My one ding - and it's a pet peeve - is that she used the term "GPS system" seven times when talking about a real world example of compensation for relativity. "GPS", of course, is an acronym for "Global Positioning System", and "GPS System" is redundant.

Still...a brilliant work. ( )
  Razinha | May 23, 2017 |
Only read about half of this , will get back to it sometime later maybe ( way too dense ) ( )
  Baku-X | Jan 10, 2017 |
Randall's book is quite comprehensive and largely understandable for a non-scientist reader like myself. Warped Passages gives a good overview of the evolution of theory about the makeup of the particles, forces and and dimensions that our universe may or may not be comprised of. The trick is not to try to comprehend every single concept and theory or to wrestle every paragraph to the ground before continuing on. Randall is an all-star of the physics world herself, so it is interesting reading about the developments of various theories from her point of view. It took a long time to get through this book: it's 450 pages and the going is sometimes slow.

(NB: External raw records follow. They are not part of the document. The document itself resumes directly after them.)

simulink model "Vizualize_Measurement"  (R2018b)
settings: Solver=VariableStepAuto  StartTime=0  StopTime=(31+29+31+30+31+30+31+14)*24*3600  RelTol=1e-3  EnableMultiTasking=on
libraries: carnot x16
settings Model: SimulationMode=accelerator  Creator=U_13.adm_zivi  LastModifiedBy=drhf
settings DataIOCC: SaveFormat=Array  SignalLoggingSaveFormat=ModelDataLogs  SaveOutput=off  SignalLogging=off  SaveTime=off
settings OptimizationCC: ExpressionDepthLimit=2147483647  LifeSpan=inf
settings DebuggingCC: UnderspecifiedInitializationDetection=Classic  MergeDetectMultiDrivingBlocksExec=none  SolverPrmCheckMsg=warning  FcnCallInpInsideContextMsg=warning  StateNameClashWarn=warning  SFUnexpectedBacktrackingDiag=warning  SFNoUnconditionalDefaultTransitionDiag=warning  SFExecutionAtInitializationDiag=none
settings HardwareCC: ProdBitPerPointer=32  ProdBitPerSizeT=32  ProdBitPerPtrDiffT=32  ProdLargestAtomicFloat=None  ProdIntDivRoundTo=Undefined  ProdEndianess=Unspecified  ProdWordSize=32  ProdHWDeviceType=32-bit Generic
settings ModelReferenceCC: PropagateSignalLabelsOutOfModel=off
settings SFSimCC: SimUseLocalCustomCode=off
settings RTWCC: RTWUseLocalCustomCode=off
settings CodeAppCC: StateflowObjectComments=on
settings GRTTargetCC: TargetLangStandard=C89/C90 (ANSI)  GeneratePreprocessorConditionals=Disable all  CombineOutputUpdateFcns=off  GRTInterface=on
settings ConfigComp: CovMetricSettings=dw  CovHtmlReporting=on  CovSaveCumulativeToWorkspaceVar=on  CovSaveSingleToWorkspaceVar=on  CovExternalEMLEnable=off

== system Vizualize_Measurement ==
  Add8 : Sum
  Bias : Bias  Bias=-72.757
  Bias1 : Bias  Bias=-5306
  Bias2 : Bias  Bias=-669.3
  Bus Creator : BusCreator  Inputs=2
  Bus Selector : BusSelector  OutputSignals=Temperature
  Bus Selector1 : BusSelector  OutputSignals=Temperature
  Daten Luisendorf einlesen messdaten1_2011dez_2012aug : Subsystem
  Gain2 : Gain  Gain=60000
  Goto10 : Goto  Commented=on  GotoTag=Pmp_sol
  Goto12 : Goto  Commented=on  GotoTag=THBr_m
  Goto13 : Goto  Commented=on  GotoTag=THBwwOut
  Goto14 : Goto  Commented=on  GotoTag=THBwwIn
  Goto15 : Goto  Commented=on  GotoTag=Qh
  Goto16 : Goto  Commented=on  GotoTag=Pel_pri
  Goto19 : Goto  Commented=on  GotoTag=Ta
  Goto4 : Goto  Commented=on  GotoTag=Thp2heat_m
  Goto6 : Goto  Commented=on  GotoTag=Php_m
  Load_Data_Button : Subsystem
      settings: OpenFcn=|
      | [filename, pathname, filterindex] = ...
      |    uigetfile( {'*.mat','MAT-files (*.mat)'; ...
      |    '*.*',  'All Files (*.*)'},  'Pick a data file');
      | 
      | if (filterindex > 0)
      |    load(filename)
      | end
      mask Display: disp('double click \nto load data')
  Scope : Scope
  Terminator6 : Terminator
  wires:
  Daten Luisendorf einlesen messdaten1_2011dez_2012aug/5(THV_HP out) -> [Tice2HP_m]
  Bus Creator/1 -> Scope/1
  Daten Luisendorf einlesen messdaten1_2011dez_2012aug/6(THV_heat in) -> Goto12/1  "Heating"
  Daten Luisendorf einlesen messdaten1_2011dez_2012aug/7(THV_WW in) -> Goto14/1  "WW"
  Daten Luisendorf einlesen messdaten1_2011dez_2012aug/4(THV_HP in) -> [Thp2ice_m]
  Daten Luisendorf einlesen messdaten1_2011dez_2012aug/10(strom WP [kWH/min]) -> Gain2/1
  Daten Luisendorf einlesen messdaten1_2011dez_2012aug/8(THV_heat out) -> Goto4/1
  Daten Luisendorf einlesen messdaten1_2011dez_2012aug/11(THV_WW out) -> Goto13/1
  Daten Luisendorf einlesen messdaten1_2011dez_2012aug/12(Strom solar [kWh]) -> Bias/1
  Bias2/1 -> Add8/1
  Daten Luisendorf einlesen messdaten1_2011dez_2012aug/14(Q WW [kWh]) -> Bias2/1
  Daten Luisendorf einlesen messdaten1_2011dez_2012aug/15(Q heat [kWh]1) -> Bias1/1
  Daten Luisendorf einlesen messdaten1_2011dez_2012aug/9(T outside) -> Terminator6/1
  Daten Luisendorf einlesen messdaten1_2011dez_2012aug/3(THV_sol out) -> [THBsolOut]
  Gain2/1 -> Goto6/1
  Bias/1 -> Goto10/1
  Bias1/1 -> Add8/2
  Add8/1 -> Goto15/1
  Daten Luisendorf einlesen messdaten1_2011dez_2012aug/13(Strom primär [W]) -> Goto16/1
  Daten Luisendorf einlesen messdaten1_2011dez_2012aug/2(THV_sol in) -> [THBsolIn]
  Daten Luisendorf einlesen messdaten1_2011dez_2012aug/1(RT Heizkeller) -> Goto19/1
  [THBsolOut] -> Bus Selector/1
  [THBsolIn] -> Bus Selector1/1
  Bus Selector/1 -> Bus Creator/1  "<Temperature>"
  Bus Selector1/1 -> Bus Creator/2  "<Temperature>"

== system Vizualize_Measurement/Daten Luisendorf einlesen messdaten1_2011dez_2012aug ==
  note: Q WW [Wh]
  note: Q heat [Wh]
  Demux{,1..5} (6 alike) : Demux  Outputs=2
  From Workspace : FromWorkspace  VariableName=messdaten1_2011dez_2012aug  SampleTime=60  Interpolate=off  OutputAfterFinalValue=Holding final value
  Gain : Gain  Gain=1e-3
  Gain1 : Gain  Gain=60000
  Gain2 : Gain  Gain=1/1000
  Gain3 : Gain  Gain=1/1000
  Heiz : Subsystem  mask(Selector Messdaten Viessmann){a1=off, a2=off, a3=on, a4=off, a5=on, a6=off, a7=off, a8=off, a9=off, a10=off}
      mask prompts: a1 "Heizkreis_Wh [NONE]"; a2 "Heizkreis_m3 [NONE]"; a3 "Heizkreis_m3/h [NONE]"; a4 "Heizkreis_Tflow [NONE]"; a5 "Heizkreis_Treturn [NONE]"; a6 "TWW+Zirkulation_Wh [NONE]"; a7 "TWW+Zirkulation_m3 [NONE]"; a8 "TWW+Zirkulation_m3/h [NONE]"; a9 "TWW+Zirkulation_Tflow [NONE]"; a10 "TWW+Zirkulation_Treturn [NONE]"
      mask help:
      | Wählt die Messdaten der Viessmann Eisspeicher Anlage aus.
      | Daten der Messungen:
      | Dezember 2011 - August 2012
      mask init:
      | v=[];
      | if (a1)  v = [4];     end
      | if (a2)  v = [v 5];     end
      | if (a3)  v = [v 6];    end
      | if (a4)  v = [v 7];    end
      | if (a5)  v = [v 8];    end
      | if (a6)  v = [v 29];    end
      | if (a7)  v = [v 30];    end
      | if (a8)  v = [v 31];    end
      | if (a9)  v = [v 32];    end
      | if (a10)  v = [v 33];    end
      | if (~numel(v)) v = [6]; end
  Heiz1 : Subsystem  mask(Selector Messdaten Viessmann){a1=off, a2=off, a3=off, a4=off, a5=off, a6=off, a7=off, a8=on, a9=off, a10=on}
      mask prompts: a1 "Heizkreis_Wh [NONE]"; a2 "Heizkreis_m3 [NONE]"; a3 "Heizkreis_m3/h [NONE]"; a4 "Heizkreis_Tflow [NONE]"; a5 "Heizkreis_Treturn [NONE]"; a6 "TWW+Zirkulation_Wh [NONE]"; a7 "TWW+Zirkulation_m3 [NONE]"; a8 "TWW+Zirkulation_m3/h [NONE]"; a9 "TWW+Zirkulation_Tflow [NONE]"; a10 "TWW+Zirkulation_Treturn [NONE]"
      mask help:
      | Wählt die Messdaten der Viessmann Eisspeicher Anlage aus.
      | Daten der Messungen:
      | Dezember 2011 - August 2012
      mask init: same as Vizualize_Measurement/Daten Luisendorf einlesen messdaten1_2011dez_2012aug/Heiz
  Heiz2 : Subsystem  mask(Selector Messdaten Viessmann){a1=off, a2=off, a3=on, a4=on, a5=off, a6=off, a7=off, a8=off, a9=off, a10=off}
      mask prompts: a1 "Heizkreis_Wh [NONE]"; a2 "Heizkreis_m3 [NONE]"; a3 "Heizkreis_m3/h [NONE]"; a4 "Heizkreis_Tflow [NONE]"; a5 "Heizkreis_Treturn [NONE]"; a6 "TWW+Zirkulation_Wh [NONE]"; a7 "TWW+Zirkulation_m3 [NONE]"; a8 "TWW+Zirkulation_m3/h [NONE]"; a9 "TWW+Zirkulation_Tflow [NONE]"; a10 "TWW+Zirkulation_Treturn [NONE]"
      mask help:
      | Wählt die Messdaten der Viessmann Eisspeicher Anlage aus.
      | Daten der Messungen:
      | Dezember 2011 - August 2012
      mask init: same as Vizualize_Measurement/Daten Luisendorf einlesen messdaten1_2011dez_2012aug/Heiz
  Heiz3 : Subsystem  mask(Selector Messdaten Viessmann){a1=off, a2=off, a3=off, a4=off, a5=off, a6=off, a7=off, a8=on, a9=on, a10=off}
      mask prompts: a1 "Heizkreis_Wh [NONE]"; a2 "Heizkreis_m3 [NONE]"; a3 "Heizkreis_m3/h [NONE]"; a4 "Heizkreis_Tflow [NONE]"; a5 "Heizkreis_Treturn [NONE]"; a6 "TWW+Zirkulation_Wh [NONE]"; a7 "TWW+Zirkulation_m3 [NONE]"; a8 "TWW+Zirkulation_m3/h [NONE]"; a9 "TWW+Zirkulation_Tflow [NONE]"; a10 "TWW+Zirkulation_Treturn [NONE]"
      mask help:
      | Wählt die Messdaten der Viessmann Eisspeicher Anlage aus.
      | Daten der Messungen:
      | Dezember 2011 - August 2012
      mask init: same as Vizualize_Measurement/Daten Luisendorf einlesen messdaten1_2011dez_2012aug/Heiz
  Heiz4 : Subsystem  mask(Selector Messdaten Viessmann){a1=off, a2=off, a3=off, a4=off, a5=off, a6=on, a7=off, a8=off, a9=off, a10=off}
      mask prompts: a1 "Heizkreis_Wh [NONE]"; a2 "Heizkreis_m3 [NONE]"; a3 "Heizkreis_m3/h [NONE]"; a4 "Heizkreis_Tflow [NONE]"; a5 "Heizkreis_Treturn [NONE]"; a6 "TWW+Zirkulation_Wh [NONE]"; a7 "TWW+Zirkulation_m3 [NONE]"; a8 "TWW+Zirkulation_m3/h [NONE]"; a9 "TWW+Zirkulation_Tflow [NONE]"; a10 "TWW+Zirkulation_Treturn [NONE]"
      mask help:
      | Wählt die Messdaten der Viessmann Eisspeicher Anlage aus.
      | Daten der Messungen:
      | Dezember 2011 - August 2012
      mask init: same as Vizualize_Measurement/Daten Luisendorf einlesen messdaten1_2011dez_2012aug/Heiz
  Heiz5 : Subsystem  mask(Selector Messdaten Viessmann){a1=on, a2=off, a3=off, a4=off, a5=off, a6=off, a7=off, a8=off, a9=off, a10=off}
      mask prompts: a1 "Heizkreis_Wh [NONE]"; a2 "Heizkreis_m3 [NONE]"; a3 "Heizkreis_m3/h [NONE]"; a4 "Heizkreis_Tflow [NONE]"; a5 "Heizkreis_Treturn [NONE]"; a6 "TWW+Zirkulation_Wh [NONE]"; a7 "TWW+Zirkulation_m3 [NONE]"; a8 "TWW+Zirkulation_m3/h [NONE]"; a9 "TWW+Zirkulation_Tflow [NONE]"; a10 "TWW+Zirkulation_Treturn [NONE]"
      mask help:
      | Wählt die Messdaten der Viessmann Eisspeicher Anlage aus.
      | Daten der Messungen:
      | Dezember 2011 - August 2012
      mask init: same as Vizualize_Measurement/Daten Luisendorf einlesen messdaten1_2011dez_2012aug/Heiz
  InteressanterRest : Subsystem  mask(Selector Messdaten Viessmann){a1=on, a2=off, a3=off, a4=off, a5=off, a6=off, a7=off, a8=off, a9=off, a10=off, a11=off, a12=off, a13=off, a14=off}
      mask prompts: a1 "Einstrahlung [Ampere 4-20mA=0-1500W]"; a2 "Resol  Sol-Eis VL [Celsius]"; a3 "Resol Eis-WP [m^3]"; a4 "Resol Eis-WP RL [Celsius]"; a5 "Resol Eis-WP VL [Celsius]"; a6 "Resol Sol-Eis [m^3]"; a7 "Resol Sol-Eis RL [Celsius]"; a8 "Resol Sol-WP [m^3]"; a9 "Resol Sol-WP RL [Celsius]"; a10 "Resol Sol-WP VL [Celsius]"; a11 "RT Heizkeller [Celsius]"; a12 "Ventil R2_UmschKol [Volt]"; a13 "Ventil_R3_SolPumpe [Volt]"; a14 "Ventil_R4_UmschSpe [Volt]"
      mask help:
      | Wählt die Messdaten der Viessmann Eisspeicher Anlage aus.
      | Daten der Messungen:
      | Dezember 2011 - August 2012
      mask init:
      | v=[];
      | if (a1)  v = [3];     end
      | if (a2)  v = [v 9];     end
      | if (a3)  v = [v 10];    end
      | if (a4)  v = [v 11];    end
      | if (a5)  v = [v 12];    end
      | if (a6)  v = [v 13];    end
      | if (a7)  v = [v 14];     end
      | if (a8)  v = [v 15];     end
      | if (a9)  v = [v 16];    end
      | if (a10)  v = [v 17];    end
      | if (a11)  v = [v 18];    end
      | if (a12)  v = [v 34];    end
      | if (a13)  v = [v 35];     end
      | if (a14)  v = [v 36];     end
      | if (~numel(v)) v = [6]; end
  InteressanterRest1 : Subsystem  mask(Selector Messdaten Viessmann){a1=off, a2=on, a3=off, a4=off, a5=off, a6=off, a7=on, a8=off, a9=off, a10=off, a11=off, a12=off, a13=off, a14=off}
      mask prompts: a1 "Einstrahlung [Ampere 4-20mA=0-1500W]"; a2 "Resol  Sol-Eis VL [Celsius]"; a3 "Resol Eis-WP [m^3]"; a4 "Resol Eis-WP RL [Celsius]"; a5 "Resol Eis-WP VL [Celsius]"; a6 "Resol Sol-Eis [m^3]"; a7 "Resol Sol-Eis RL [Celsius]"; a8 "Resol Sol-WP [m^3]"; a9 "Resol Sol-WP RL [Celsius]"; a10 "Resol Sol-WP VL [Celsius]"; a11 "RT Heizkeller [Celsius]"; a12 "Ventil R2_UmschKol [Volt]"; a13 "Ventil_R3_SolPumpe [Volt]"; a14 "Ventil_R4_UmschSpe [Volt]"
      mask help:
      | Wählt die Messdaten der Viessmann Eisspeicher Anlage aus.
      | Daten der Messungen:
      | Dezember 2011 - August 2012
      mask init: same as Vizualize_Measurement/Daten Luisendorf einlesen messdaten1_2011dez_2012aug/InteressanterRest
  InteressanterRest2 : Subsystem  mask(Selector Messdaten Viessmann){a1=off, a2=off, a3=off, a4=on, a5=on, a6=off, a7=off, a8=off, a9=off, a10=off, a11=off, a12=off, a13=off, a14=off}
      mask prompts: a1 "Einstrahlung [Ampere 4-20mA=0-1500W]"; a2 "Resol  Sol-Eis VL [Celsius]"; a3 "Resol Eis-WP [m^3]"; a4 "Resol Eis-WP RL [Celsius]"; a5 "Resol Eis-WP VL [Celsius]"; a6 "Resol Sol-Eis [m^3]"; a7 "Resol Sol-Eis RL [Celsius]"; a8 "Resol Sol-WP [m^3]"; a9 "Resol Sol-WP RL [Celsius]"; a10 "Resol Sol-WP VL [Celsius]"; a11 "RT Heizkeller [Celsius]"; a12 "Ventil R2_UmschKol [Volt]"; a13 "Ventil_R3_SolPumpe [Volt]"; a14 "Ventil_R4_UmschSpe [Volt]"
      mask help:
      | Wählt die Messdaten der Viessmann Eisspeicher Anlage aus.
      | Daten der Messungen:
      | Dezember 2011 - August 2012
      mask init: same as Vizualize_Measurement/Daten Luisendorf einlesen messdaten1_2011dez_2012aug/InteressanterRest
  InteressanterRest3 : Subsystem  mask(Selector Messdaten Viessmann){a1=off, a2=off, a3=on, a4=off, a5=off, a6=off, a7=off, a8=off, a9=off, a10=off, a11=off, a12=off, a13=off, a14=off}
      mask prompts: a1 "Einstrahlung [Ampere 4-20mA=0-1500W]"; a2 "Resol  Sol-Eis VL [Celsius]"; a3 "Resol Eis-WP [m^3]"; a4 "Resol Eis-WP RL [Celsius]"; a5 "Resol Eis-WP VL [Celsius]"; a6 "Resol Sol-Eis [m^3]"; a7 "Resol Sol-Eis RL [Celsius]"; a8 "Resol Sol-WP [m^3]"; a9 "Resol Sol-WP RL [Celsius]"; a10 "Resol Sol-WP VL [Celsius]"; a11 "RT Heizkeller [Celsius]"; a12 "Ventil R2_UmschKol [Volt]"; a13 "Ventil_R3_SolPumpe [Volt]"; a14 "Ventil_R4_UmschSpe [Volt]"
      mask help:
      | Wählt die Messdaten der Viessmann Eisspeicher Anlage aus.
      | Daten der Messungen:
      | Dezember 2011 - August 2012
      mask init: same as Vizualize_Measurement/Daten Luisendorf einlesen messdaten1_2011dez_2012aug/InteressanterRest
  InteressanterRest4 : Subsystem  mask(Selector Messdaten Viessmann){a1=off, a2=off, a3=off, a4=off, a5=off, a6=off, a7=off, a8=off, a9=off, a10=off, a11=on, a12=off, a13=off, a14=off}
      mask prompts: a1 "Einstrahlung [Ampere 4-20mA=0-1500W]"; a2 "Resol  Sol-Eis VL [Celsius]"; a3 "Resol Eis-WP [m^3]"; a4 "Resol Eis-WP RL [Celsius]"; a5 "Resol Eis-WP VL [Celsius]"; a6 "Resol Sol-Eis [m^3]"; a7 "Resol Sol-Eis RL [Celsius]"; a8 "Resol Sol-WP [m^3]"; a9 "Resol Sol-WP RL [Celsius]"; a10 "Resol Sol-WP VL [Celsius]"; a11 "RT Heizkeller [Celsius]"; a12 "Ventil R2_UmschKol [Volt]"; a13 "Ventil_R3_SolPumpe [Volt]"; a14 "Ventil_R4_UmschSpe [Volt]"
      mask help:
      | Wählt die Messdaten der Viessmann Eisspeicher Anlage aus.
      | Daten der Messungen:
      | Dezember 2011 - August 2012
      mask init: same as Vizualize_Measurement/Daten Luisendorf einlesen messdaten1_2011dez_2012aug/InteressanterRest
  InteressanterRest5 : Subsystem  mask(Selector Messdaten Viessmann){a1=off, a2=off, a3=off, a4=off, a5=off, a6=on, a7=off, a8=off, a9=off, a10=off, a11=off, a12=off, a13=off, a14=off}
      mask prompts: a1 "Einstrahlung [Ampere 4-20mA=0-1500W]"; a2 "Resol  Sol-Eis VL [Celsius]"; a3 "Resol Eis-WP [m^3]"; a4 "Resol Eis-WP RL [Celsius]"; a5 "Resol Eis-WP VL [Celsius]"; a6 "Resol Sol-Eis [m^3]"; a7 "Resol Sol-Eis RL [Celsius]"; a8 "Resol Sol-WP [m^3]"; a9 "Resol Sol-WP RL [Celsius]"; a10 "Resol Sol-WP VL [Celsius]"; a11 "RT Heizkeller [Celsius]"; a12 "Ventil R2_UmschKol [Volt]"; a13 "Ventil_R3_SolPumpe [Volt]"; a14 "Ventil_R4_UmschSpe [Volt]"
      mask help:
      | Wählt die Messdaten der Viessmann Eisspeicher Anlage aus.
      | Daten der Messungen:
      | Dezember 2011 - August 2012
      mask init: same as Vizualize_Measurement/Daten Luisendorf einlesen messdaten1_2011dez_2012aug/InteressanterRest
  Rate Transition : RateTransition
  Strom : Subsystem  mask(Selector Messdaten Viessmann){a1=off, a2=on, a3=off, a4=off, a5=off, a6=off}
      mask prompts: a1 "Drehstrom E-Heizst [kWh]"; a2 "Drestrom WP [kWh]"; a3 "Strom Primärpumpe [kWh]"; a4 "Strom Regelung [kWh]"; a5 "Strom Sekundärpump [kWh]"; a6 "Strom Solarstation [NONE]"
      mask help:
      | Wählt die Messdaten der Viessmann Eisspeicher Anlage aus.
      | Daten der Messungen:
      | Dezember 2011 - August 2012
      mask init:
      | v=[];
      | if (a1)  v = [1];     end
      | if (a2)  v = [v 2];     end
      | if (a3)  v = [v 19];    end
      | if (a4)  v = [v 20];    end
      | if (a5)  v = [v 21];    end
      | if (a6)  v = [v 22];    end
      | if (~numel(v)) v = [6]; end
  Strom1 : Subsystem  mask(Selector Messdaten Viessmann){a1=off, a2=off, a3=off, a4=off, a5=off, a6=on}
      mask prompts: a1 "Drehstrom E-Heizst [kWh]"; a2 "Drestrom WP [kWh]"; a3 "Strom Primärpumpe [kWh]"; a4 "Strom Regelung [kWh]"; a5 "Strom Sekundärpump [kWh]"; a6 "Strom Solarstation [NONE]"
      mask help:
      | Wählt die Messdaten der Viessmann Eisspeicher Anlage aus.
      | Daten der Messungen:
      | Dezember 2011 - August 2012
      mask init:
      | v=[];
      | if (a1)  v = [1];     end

Also, I thought that Randall did not need to go into so much detail describing every single theory that's come down the pike. On the other hand, the book is very well organized, and Randall is frequently candid in saying when upcoming sections can be skipped without endangering a reader's understanding of the overall chronology of string and/or particle theory. My 50-Book challenge for this year went down the drain a while ago, so this was as good a time as any to tackle this challenging but interesting material. ( )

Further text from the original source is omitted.